# Extracted data
* * * *

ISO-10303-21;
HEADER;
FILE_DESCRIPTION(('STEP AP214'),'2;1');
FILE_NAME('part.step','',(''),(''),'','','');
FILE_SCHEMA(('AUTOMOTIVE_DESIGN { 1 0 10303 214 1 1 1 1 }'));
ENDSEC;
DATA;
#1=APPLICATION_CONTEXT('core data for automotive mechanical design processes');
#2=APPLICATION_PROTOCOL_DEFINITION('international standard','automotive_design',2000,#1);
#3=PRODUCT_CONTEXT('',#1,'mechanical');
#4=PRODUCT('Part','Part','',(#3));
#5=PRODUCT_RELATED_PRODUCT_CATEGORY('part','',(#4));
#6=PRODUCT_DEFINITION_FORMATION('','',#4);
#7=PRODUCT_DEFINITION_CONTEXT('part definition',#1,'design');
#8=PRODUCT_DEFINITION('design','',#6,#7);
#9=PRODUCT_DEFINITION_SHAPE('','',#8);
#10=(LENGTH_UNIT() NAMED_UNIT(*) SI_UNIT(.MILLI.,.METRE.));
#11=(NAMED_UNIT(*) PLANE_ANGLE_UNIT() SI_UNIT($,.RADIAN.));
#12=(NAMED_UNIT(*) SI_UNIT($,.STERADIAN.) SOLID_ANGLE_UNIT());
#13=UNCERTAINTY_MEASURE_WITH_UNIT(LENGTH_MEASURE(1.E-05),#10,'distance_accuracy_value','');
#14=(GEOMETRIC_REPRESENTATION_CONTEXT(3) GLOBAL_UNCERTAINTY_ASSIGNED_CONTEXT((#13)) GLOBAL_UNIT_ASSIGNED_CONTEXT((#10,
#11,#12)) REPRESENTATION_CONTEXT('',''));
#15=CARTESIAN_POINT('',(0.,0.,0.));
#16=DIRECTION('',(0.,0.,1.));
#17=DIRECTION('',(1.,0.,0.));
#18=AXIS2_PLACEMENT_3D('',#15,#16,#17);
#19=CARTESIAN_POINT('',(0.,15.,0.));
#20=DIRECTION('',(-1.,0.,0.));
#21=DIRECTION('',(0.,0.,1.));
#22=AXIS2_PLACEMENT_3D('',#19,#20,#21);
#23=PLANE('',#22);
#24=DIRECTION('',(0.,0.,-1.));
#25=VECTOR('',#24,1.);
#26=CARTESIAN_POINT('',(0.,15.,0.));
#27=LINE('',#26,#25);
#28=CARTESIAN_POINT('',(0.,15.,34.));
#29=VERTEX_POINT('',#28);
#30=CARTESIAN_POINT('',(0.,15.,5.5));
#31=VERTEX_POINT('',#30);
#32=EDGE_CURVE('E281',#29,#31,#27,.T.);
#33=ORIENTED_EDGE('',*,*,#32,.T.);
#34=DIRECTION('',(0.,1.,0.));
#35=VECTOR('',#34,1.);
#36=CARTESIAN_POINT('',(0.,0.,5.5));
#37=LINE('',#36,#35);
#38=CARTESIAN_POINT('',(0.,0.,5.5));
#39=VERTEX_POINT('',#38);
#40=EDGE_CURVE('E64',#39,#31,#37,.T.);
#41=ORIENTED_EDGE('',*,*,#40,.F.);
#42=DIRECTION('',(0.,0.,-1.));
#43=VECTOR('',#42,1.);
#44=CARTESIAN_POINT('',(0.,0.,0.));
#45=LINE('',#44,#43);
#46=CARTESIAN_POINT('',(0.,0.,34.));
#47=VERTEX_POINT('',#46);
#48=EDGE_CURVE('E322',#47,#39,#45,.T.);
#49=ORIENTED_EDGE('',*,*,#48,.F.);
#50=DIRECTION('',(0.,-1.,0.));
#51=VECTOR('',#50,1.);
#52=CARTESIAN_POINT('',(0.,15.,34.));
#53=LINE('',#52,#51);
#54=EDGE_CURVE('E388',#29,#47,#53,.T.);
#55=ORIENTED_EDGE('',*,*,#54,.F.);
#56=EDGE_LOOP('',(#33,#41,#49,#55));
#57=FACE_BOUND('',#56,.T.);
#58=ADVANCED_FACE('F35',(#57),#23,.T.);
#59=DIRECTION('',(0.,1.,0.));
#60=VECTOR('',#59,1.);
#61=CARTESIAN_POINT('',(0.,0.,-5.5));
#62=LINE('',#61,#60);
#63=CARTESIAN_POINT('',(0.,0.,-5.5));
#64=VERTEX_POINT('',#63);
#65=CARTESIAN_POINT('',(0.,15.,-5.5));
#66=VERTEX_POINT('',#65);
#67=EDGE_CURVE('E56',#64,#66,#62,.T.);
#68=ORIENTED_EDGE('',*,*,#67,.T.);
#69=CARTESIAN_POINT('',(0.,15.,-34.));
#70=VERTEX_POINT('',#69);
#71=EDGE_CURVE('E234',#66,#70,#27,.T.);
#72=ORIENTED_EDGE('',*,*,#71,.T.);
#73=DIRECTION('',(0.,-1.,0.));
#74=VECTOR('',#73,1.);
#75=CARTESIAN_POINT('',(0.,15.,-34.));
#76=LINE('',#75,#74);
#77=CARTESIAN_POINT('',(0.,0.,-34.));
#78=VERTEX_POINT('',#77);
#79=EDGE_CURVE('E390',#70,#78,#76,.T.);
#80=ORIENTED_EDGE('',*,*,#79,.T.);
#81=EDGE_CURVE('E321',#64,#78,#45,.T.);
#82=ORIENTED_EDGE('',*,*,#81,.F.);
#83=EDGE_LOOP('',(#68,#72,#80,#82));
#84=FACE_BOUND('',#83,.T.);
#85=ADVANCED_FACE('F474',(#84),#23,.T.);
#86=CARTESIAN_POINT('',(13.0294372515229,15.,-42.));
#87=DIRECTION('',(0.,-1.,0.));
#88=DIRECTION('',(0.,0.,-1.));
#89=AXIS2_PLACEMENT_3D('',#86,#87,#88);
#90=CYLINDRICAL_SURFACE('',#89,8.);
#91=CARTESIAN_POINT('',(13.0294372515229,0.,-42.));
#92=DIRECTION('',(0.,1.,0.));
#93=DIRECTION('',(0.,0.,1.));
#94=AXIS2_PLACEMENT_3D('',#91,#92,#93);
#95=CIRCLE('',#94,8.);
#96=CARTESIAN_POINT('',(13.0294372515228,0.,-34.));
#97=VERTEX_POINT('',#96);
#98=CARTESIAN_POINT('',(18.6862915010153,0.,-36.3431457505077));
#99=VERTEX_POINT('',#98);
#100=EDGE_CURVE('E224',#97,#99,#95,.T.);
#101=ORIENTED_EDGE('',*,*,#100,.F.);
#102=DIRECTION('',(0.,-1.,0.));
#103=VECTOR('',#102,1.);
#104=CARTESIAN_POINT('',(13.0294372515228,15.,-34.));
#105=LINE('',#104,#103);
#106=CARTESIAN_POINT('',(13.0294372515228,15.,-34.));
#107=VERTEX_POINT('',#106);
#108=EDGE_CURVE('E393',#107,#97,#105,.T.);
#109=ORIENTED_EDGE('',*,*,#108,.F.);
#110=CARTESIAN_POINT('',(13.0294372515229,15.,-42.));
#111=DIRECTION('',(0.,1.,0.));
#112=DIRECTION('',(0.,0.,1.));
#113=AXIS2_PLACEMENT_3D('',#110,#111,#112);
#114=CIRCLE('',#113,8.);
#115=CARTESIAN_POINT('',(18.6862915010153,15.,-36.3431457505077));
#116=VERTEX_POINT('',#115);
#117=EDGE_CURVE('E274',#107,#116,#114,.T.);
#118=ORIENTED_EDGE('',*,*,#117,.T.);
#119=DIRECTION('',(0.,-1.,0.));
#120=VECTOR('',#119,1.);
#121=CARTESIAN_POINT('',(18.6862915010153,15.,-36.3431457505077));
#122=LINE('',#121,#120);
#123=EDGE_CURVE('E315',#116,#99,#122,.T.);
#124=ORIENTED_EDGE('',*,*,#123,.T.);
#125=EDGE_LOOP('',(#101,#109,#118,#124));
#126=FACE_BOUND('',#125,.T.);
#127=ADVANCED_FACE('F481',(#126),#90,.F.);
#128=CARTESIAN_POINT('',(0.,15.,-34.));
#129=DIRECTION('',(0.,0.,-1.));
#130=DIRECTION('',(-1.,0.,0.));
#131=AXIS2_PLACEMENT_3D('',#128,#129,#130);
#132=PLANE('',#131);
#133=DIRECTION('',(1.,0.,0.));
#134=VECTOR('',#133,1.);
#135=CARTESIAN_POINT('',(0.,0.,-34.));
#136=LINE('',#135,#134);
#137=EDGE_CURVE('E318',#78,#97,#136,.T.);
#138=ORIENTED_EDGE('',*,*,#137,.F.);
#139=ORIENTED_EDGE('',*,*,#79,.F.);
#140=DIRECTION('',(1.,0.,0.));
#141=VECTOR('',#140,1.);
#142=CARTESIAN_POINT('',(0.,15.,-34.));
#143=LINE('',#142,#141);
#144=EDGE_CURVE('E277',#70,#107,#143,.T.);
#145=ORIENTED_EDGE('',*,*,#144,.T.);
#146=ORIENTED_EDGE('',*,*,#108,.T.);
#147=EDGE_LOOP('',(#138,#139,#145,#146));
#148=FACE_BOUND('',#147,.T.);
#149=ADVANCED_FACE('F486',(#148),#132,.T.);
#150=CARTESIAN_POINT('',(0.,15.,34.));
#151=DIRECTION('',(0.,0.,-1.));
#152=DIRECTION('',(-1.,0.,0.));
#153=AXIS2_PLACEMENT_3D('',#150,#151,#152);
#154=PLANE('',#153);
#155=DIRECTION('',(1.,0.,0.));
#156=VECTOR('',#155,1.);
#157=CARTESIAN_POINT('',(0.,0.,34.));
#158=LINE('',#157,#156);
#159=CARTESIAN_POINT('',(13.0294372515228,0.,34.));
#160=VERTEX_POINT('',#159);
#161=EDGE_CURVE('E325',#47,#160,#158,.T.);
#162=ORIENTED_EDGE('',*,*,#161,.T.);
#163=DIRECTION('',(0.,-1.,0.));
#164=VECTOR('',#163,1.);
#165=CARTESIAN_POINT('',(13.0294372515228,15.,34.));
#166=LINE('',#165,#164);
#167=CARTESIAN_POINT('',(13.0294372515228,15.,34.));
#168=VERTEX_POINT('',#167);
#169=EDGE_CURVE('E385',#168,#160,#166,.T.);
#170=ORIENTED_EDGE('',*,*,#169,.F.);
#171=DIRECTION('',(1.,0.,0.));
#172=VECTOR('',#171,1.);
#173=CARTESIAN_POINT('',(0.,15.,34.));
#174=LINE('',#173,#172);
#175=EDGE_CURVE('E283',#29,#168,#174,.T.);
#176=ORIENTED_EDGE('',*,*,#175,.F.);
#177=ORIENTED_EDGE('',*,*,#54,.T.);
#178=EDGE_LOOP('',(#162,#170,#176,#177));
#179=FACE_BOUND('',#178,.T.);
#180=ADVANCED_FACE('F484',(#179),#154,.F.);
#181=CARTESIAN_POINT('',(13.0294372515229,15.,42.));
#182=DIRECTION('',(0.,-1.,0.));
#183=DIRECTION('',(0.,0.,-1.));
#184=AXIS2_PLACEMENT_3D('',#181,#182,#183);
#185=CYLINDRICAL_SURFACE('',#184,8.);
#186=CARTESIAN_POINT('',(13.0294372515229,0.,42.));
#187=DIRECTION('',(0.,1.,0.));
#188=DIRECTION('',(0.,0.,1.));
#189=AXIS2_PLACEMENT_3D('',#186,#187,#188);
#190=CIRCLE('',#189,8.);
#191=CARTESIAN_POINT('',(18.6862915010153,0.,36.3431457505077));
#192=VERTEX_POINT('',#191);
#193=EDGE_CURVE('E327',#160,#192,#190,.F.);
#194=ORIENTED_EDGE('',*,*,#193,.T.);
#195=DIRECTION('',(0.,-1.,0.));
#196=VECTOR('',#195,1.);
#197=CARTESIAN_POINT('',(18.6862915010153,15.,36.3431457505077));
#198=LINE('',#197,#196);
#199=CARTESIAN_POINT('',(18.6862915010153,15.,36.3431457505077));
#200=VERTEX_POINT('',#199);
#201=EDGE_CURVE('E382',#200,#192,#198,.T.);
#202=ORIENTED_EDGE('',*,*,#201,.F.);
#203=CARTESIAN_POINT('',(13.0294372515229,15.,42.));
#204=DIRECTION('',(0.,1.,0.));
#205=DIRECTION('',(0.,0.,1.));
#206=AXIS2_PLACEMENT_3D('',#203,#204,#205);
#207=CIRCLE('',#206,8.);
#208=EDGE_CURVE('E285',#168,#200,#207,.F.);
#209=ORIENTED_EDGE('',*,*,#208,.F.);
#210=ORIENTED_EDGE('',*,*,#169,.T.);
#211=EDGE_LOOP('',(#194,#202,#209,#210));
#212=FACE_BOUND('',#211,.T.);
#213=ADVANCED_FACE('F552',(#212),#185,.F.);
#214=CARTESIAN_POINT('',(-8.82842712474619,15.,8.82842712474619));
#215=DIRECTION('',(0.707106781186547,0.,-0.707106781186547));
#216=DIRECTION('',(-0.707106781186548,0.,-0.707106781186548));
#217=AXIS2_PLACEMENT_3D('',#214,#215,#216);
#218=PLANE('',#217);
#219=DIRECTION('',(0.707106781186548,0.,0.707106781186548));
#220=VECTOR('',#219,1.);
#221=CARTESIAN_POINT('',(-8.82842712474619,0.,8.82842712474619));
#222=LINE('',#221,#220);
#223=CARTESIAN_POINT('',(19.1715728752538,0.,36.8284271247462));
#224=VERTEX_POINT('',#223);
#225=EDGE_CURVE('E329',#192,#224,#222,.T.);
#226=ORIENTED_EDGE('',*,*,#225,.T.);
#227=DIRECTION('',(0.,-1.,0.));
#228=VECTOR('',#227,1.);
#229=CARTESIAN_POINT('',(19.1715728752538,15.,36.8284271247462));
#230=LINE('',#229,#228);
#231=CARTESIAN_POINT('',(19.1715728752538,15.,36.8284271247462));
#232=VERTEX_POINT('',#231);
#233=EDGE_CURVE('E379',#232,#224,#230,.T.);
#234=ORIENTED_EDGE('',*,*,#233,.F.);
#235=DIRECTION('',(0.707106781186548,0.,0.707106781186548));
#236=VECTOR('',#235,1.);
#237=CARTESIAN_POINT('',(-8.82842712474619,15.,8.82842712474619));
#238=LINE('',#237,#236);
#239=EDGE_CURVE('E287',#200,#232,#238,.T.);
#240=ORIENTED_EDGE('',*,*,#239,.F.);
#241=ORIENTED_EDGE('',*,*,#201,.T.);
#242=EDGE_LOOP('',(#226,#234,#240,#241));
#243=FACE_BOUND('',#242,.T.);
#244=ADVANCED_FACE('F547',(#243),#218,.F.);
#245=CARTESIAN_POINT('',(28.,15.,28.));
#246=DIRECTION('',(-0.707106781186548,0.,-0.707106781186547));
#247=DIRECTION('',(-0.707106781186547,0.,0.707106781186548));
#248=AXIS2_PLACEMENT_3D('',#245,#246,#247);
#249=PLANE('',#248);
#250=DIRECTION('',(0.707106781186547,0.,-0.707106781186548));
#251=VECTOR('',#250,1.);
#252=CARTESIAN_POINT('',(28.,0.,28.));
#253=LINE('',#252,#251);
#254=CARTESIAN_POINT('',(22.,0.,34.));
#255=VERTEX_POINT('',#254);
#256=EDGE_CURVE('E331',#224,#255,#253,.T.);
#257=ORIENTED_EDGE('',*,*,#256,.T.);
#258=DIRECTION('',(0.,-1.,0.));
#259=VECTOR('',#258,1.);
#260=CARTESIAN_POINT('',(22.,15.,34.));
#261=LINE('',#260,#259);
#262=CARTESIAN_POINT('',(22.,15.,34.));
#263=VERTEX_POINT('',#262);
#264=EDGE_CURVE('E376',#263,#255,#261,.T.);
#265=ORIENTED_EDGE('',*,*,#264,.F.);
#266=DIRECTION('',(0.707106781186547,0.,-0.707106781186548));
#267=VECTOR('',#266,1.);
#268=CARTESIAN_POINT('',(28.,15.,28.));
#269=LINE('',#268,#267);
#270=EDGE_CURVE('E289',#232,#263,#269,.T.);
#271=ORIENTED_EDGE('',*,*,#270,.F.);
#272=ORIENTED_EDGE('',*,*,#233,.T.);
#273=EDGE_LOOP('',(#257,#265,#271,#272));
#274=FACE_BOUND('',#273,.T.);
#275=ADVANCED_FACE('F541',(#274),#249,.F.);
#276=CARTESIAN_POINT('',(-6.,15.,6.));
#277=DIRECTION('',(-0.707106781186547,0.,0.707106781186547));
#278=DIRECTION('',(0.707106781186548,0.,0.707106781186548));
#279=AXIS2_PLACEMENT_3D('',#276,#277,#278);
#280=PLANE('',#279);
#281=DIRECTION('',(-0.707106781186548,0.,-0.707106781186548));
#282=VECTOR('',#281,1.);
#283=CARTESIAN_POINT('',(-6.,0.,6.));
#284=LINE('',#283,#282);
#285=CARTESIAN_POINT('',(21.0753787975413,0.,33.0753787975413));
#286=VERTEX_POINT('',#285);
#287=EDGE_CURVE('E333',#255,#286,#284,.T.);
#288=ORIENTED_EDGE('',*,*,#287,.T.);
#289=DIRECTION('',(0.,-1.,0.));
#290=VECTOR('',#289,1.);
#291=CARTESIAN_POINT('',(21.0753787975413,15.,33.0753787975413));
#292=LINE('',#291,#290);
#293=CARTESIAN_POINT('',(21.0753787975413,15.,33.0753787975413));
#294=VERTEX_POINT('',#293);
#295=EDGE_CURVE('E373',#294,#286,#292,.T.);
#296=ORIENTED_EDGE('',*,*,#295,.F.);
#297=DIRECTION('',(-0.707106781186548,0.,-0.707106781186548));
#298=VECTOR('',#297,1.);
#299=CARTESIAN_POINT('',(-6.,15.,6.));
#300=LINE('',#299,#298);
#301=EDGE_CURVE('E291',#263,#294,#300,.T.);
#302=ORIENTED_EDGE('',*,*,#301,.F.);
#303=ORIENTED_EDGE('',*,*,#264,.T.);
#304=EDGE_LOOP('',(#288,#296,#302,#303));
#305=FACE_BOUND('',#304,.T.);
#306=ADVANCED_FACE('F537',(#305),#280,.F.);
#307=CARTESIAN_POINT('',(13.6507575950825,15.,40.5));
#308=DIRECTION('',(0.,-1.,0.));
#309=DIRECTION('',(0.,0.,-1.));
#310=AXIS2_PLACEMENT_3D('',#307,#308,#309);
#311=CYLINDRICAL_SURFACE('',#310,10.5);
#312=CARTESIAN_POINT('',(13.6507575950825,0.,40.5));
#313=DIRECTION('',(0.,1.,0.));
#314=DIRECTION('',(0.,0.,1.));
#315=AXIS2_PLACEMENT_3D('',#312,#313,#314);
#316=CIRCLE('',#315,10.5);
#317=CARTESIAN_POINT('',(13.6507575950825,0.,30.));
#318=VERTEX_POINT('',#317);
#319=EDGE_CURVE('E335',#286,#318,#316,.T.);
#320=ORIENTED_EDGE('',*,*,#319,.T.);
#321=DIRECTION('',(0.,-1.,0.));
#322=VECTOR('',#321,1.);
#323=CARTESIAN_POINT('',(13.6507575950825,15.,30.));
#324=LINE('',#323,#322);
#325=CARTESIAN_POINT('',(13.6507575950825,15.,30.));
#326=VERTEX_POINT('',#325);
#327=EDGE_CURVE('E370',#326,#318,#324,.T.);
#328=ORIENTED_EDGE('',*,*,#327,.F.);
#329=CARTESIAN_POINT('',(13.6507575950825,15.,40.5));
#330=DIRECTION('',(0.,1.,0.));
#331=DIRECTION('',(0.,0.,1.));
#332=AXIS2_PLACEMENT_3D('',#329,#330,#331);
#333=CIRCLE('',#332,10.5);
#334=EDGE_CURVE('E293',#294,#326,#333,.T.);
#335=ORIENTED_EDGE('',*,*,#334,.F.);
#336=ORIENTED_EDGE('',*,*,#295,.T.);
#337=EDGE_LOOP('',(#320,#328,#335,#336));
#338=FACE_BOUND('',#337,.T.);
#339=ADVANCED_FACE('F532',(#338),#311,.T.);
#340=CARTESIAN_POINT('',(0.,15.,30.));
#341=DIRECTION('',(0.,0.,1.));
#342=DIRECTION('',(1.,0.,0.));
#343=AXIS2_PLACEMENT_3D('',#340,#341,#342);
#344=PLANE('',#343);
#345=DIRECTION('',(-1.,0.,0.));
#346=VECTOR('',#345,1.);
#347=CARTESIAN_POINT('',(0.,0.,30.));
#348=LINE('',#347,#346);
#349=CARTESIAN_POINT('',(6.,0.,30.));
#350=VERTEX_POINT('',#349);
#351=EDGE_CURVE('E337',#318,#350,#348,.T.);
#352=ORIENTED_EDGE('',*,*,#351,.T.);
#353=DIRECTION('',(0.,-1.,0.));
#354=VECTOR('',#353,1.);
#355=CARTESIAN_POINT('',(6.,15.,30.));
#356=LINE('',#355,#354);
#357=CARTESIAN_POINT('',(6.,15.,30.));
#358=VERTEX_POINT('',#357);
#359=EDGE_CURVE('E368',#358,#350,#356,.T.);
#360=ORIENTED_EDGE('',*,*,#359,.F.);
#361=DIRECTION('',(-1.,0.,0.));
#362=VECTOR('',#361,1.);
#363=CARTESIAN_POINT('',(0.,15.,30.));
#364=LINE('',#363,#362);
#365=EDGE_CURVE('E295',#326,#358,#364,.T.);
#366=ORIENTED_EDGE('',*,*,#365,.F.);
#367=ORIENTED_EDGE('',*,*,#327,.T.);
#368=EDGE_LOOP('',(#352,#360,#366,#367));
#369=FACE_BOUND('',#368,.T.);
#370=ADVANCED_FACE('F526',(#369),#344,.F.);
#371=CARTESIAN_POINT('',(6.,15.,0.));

* * * *

# Exercise details
From the records above, reproduce exactly the lines from the one with "#117=EDGE_CURVE('E274',#107,#116,#114,.T.);" to the one with "#128=CARTESIAN_POINT('',(0.,15.,-34.));", both included, and no others.

# Written reply
#117=EDGE_CURVE('E274',#107,#116,#114,.T.);
#118=ORIENTED_EDGE('',*,*,#117,.T.);
#119=DIRECTION('',(0.,-1.,0.));
#120=VECTOR('',#119,1.);
#121=CARTESIAN_POINT('',(18.6862915010153,15.,-36.3431457505077));
#122=LINE('',#121,#120);
#123=EDGE_CURVE('E315',#116,#99,#122,.T.);
#124=ORIENTED_EDGE('',*,*,#123,.T.);
#125=EDGE_LOOP('',(#101,#109,#118,#124));
#126=FACE_BOUND('',#125,.T.);
#127=ADVANCED_FACE('F481',(#126),#90,.F.);
#128=CARTESIAN_POINT('',(0.,15.,-34.));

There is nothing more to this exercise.